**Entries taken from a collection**
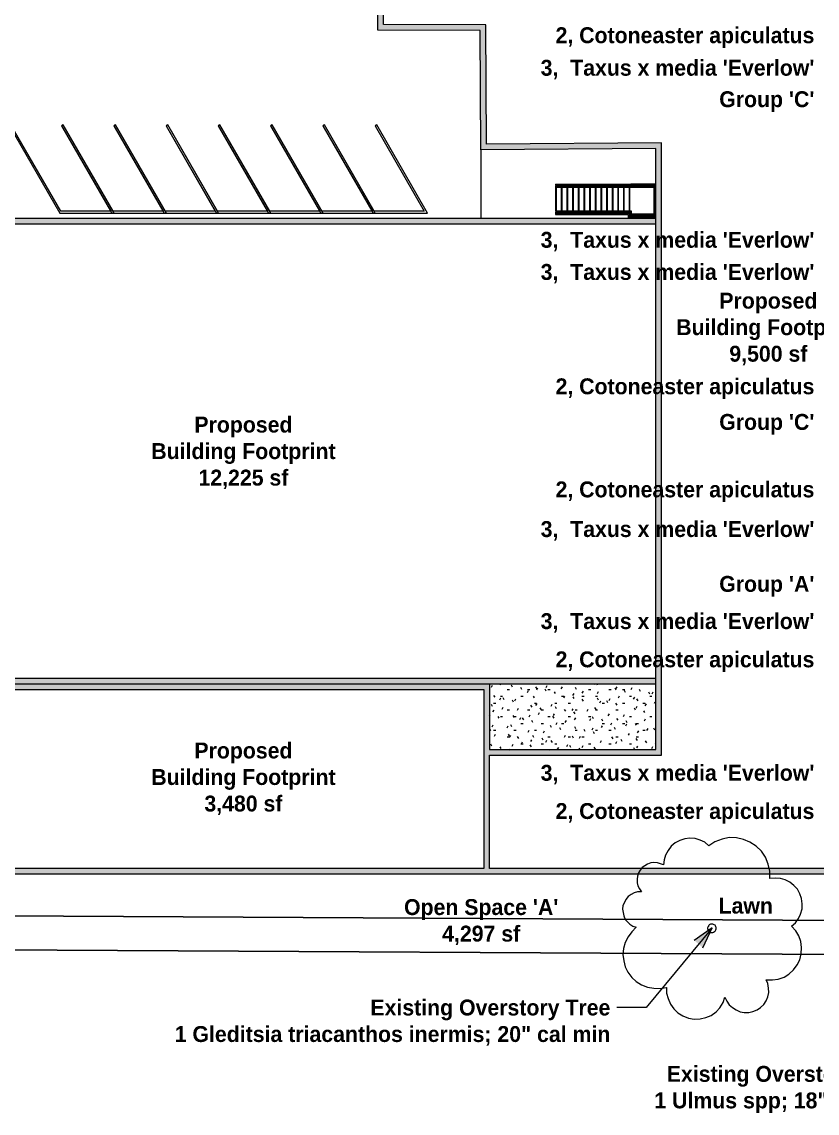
# Model space of a CAD drawing. Header units: feet. Extents: x 2366571 to 2367139, y 711991 to 712371.
# Drawn here: x 2366836.3 to 2366976.9, y 711991 to 712183.9 of the extents above; entities that cross this region are included whole.
import ezdxf

# ---------------------------------------------------------------- set-up
doc = ezdxf.new("R2010")
doc.units = ezdxf.units.FT
doc.header["$MEASUREMENT"] = 0
for name, color, linetype, lineweight in [('A-FLOR-HRAL', 11, 'Continuous', 9), ('C-BLDG-PADS', 91, 'Continuous', 9), ('G-ANNO-TEXT', 231, 'Continuous', 9), ('PDF_Geometry', 1, 'Continuous', 9), ('S-STRS', 31, 'Continuous', 9)]:
    doc.layers.add(name, color=color, linetype=linetype, lineweight=lineweight)
for name, color, linetype in [('C-BLDG-OTLN', 110, 'Continuous'), ('C-PRKG-CONC-PATT', 1, 'Continuous'), ('C-PRKG-STRP', 190, 'Continuous'), ('C-PROP-LINE', 230, 'Continuous')]:
    doc.layers.add(name, color=color, linetype=linetype)
doc.styles.add('Century Gothic_B', font='GOTHICB.TTF', dxfattribs={"height": 33.75})

# ---------------------------------------------------------------- blocks, each defined once
blk = doc.blocks.new('Top Rail Type - Top Rail_Internal_-1447311-SITE PLAN')
at = {"layer": 'A-FLOR-HRAL'}
for points in [[(-1641.9, 11839.8), (-1641.9, 11840), (-1797.9, 11839.9), (-1797.9, 11839.8), (-1641.9, 11839.8)], [(-1641.9, 11839.8), (-1641.9, 11839.8), (-1586.2, 11839.9), (-1586.3, 11840), (-1641.9, 11839.9), (-1641.9, 11839.8)], [(-1586.1, 11775.1), (-1586.2, 11839.9), (-1586.3, 11839.7), (-1586.2, 11775.1)], [(-1642, 11781.8), (-1641.4, 11782.4), (-1641.2, 11782.7), (-1641.9, 11782.6), (-1641.9, 11782), (-1797.9, 11781.9), (-1797.9, 11781.8), (-1643.9, 11781.8)], [(-1641.7, 11781.4), (-1641.7, 11781.6), (-1641.7, 11781.9), (-1641.1, 11782.1), (-1641, 11782.3), (-1641.4, 11782.4), (-1641.9, 11781.9), (-1641.9, 11781.5), (-1641.7, 11781.4)], [(-1641, 11775.1), (-1640.8, 11775.2), (-1640.7, 11781.9), (-1640.2, 11782.1), (-1640.3, 11782.3), (-1640.8, 11782.1), (-1641, 11781.7), (-1641, 11775.1)], [(-1586.2, 11775.1), (-1586.2, 11775.1), (-1586.3, 11775.2), (-1640.9, 11775.1), (-1641, 11775.1), (-1586.3, 11775.1)]]:
    blk.add_hatch(color=254, dxfattribs=at).paths.add_polyline_path(points, flags=0)
for p, q in [((-1641.7, 11840.7), (-1797.9, 11840.7)), ((-1797.9, 11839.7), (-1797.9, 11839.9)), ((-1797.9, 11839.2), (-1641.7, 11839.2)), ((-1585.5, 11840.7), (-1641.7, 11840.7)), ((-1641.7, 11839.2), (-1587, 11839.2)), ((-1587, 11839.2), (-1587, 11775.9)), ((-1640.9, 11782.7), (-1797.9, 11782.7)), ((-1797.9, 11781.2), (-1642.2, 11781.2)), ((-1641.9, 11781.3), (-1641.7, 11781.4)), ((-1641.7, 11780.9), (-1641.7, 11774.4)), ((-1641.7, 11774.4), (-1585.5, 11774.4)), ((-1640.2, 11775.9), (-1640.2, 11782.2)), ((-1587, 11775.9), (-1640.2, 11775.9))]:
    blk.add_line(p, q, dxfattribs=at)
at = {"layer": 'A-FLOR-HRAL', "flags": 128}
for points in [[(-1640.9, 11782.7), (-1641, 11782.6), (-1641.2, 11782.6), (-1641.4, 11782.4), (-1641.5, 11782.3), (-1641.7, 11782.1), (-1641.9, 11781.9), (-1642.1, 11781.7)], [(-1641.2, 11781.9), (-1641, 11782.1), (-1640.9, 11782.3), (-1640.8, 11782.4), (-1640.8, 11782.6), (-1640.8, 11782.6), (-1640.9, 11782.7)], [(-1797.9, 11781.7), (-1797.9, 11781.9), (-1797.9, 11782.1)], [(-1641.1, 11781.7), (-1640.9, 11781.9), (-1640.7, 11782.1), (-1640.5, 11782.2), (-1640.4, 11782.3), (-1640.3, 11782.3), (-1640.2, 11782.3), (-1640.2, 11782.2)]]:
    blk.add_lwpolyline(points, dxfattribs=at)
at = {"layer": 'A-FLOR-HRAL'}
for points in [[(-1641.9, 11839.9), (-1641.9, 11839.9), (-1641.9, 11839.8), (-1641.9, 11839.7)], [(-1586.2, 11839.9), (-1586.2, 11839.9), (-1586.3, 11839.9), (-1586.3, 11839.8), (-1586.3, 11839.8), (-1586.4, 11839.7), (-1586.4, 11839.7)], [(-1641.1, 11775), (-1641.1, 11775), (-1641.1, 11775), (-1641, 11775), (-1641, 11775.1), (-1640.9, 11775.1), (-1640.9, 11775.1)]]:
    blk.add_open_spline(points, degree=3, dxfattribs=at)
blk = doc.blocks.new('Handrail Type - Handrail_Internal_-1447339-SITE PLAN')
at = {"layer": 'A-FLOR-HRAL'}
for points in [[(-1641.9, 11836.8), (-1641.9, 11837), (-1797.9, 11836.9), (-1797.9, 11836.8), (-1641.9, 11836.8)], [(-1641.9, 11836.8), (-1641.9, 11836.8), (-1589.2, 11836.9), (-1589.3, 11837), (-1641.9, 11836.9), (-1641.9, 11836.8)], [(-1589.1, 11778.1), (-1589.2, 11836.9), (-1589.3, 11836.7), (-1589.2, 11778.1)], [(-1641.9, 11784.8), (-1641.9, 11785), (-1797.9, 11784.9), (-1797.9, 11784.8), (-1641.9, 11784.8)], [(-1638.2, 11784.8), (-1637.9, 11784.9), (-1638, 11785), (-1641.9, 11784.9), (-1641.9, 11784.8), (-1638.7, 11784.8)], [(-1638, 11778.1), (-1637.8, 11778.3), (-1637.9, 11784.9), (-1638, 11784.7), (-1638, 11778.1)], [(-1589.3, 11778.1), (-1589.2, 11778.1), (-1589.3, 11778.2), (-1637.9, 11778.1), (-1638, 11778.1), (-1590, 11778.1)]]:
    blk.add_hatch(color=254, dxfattribs=at).paths.add_polyline_path(points, flags=0)
for p, q in [((-1641.7, 11837.7), (-1797.9, 11837.7)), ((-1797.9, 11836.7), (-1797.9, 11836.9)), ((-1797.9, 11836.2), (-1641.7, 11836.2)), ((-1588.5, 11837.7), (-1641.7, 11837.7)), ((-1641.7, 11836.2), (-1590, 11836.2)), ((-1590, 11836.2), (-1590, 11778.9)), ((-1588.5, 11777.4), (-1588.5, 11837.7)), ((-1641.7, 11785.7), (-1797.9, 11785.7)), ((-1797.9, 11784.7), (-1797.9, 11784.9)), ((-1797.9, 11784.2), (-1641.7, 11784.2)), ((-1637.2, 11785.7), (-1641.7, 11785.7)), ((-1641.7, 11784.2), (-1638.7, 11784.2)), ((-1638.7, 11784.2), (-1638.7, 11777.4)), ((-1637.2, 11778.9), (-1637.2, 11785.7)), ((-1638.7, 11777.4), (-1588.5, 11777.4)), ((-1590, 11778.9), (-1637.2, 11778.9))]:
    blk.add_line(p, q, dxfattribs=at)
for points in [[(-1641.9, 11836.9), (-1641.9, 11836.9), (-1641.9, 11836.8), (-1641.9, 11836.7)], [(-1589.2, 11836.9), (-1589.2, 11836.9), (-1589.3, 11836.9), (-1589.3, 11836.8), (-1589.3, 11836.8), (-1589.4, 11836.7), (-1589.4, 11836.7)], [(-1641.9, 11784.7), (-1641.9, 11784.8), (-1641.9, 11784.9), (-1641.9, 11784.9)], [(-1638.1, 11784.7), (-1638.1, 11784.7), (-1638.1, 11784.8), (-1638, 11784.8), (-1638, 11784.9), (-1637.9, 11784.9), (-1637.9, 11784.9)], [(-1638.1, 11778), (-1638.1, 11778), (-1638.1, 11778), (-1638, 11778), (-1638, 11778.1), (-1637.9, 11778.1), (-1637.9, 11778.1)], [(-1589, 11778), (-1589, 11778), (-1589.1, 11778), (-1589.1, 11778), (-1589.2, 11778.1), (-1589.2, 11778.1), (-1589.3, 11778.2), (-1589.3, 11778.2), (-1589.3, 11778.3), (-1589.4, 11778.3), (-1589.4, 11778.3)]]:
    blk.add_open_spline(points, degree=3, dxfattribs=at)
blk = doc.blocks.new('Family - ___-1442676-SITE PLAN')
at = {"layer": 'C-PROP-LINE'}
blk.add_line((-2969.6, 10291.1), (-534.6, 10277.4), dxfattribs=at)
blk = doc.blocks.new('Family - ___-1416994-SITE PLAN')
at = {"layer": 'C-PROP-LINE'}
blk.add_line((-3220.3, 10220.5), (-534.6, 10205.4), dxfattribs=at)

msp = doc.modelspace()

# ---------------------------------------------------------------- hatches: boundary and pattern name
at = {"layer": 'C-BLDG-OTLN', "lineweight": 5}
h = msp.add_hatch(color=1, dxfattribs=at)
h.dxf.hatch_style = 1
h.paths.add_polyline_path([(2366918.97, 712055.23), (2366918.97, 712066.86), (2366826.96, 712066.86), (2366826.96, 712054.86), (2366812.38, 712054.86), (2366812.38, 712033.19), (2366987.39, 712033.19), (2366987.39, 712102.29), (2366991.39, 712102.29), (2366991.4, 712114.34), (2366987.4, 712114.34), (2366987.41, 712208.45), (2366899.22, 712208.45), (2366899.21, 712182.41), (2366917.31, 712182.34), (2366917.41, 712161.24), (2366948.36, 712161.49), (2366948.36, 712055.23)])
h.paths.add_polyline_path([(2366918.97, 712034.19), (2366986.39, 712034.19), (2366986.39, 712103.29), (2366990.39, 712103.29), (2366990.4, 712113.34), (2366986.4, 712113.34), (2366986.41, 712207.45), (2366900.22, 712207.45), (2366900.21, 712183.41), (2366918.31, 712183.34), (2366918.4, 712162.25), (2366949.36, 712162.5), (2366949.36, 712054.23), (2366918.97, 712054.23)], flags=16)
h.paths.add_polyline_path([(2366917.97, 712065.86), (2366827.96, 712065.86), (2366827.96, 712053.86), (2366813.38, 712053.86), (2366813.38, 712034.19), (2366917.97, 712034.19)], flags=16)
h = msp.add_hatch(color=1, dxfattribs=at)
h.dxf.hatch_style = 1
h.paths.add_polyline_path([(2366822.74, 712148.12), (2366948.36, 712148.12), (2366948.36, 712149.12), (2366821.74, 712149.12), (2366821.74, 712123.05), (2366782.88, 712123.05), (2366782.88, 712089.29), (2366800.19, 712089.29), (2366800.19, 712066.97), (2366800.29, 712066.86), (2366948.36, 712066.86), (2366948.36, 712067.86), (2366801.19, 712067.86), (2366801.19, 712090.29), (2366783.88, 712090.29), (2366783.88, 712122.05), (2366822.74, 712122.05)])
at = {"layer": 'C-BLDG-PADS', "lineweight": 5}
h = msp.add_hatch(dxfattribs=at)
h.set_pattern_fill('FP_6', color=1, scale=0.083333, style=0, pattern_type=2)
h.set_pattern_definition([(0, (2367080.477, 711168.255), (4.8, 1.2), [0.396, -3.204, 0.396, -3.204, -19.2]), (0, (2367080.477, 711168.255), (4.8, 1.2), [-7.2, 0.396, -6.804, 0.396, -3.204, -8.4]), (0, (2367080.477, 711168.255), (4.8, 1.2), [-18, 0.396, -2.004, 0.396, -5.604]), (120, (2367082.277, 711168.855), (-3.4392305, 3.556922), [0.396, -3.204, 0.396, -3.204, -19.2]), (120, (2367082.277, 711168.855), (-3.4392305, 3.556922), [-7.2, 0.396, -6.804, 0.396, -3.204, -8.4]), (120, (2367082.277, 711168.855), (-3.4392305, 3.556922), [-18, 0.396, -2.004, 0.396, -5.604]), (240, (2367082.877, 711171.255), (-1.3607695, -4.756922), [0.396, -3.204, 0.396, -3.204, -19.2]), (240, (2367082.877, 711171.255), (-1.3607695, -4.756922), [-7.2, 0.396, -6.804, 0.396, -3.204, -8.4]), (240, (2367082.877, 711171.255), (-1.3607695, -4.756922), [-18, 0.396, -2.004, 0.396, -5.604])])
h.paths.add_polyline_path([(2366918.93, 712055.12), (2366918.93, 712055.12), (2366948.21, 712055.17), (2366948.21, 712066.84), (2366918.93, 712066.84), (2366918.93, 712055.17)], flags=0)
at = {"layer": 'G-ANNO-TEXT', "lineweight": 5}
msp.add_hatch(color=1, dxfattribs=at).paths.add_polyline_path([(2366958.35, 712023.72), (2366955.16, 712021.5), (2366956.7, 712020.2)], flags=0)

# ---------------------------------------------------------------- linework, layer by layer
at = {"layer": 'C-BLDG-OTLN', "color": 1, "lineweight": 5, "flags": 128}
for points in [[(2366948.36, 712161.49), (2366917.41, 712161.24), (2366917.31, 712182.34), (2366899.21, 712182.41), (2366899.22, 712208.45), (2366987.41, 712208.45), (2366987.4, 712114.34), (2366991.4, 712114.34), (2366991.39, 712102.29), (2366987.39, 712102.29), (2366987.39, 712033.19), (2366812.38, 712033.19), (2366812.38, 712054.86), (2366826.96, 712054.86), (2366826.96, 712066.86), (2366918.97, 712066.86), (2366918.97, 712055.23), (2366948.36, 712055.23), (2366948.36, 712161.5)], [(2366948.36, 712149.12), (2366821.74, 712149.12), (2366821.74, 712123.05), (2366782.88, 712123.05), (2366782.88, 712089.29), (2366800.19, 712089.29), (2366800.19, 712066.86), (2366948.36, 712066.86)], [(2366948.36, 712148.12), (2366822.74, 712148.12), (2366822.74, 712122.05), (2366783.88, 712122.05), (2366783.88, 712090.29), (2366801.19, 712090.29), (2366801.19, 712067.86), (2366948.36, 712067.86)]]:
    msp.add_lwpolyline(points, dxfattribs=at)
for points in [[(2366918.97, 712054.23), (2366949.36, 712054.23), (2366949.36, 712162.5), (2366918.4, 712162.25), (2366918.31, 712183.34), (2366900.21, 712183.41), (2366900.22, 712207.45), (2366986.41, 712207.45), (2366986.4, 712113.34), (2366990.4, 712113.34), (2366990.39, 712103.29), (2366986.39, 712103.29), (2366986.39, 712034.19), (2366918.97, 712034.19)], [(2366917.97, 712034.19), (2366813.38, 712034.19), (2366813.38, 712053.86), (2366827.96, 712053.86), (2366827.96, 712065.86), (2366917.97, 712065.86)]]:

**How to complete this task**
Extract every line above that contains the word "blocks".

**Response to the exercise**
# ---------------------------------------------------------------- blocks, each defined once
blk = doc.blocks.new('Top Rail Type - Top Rail_Internal_-1447311-SITE PLAN')
blk = doc.blocks.new('Handrail Type - Handrail_Internal_-1447339-SITE PLAN')
blk = doc.blocks.new('Family - ___-1442676-SITE PLAN')
blk = doc.blocks.new('Family - ___-1416994-SITE PLAN')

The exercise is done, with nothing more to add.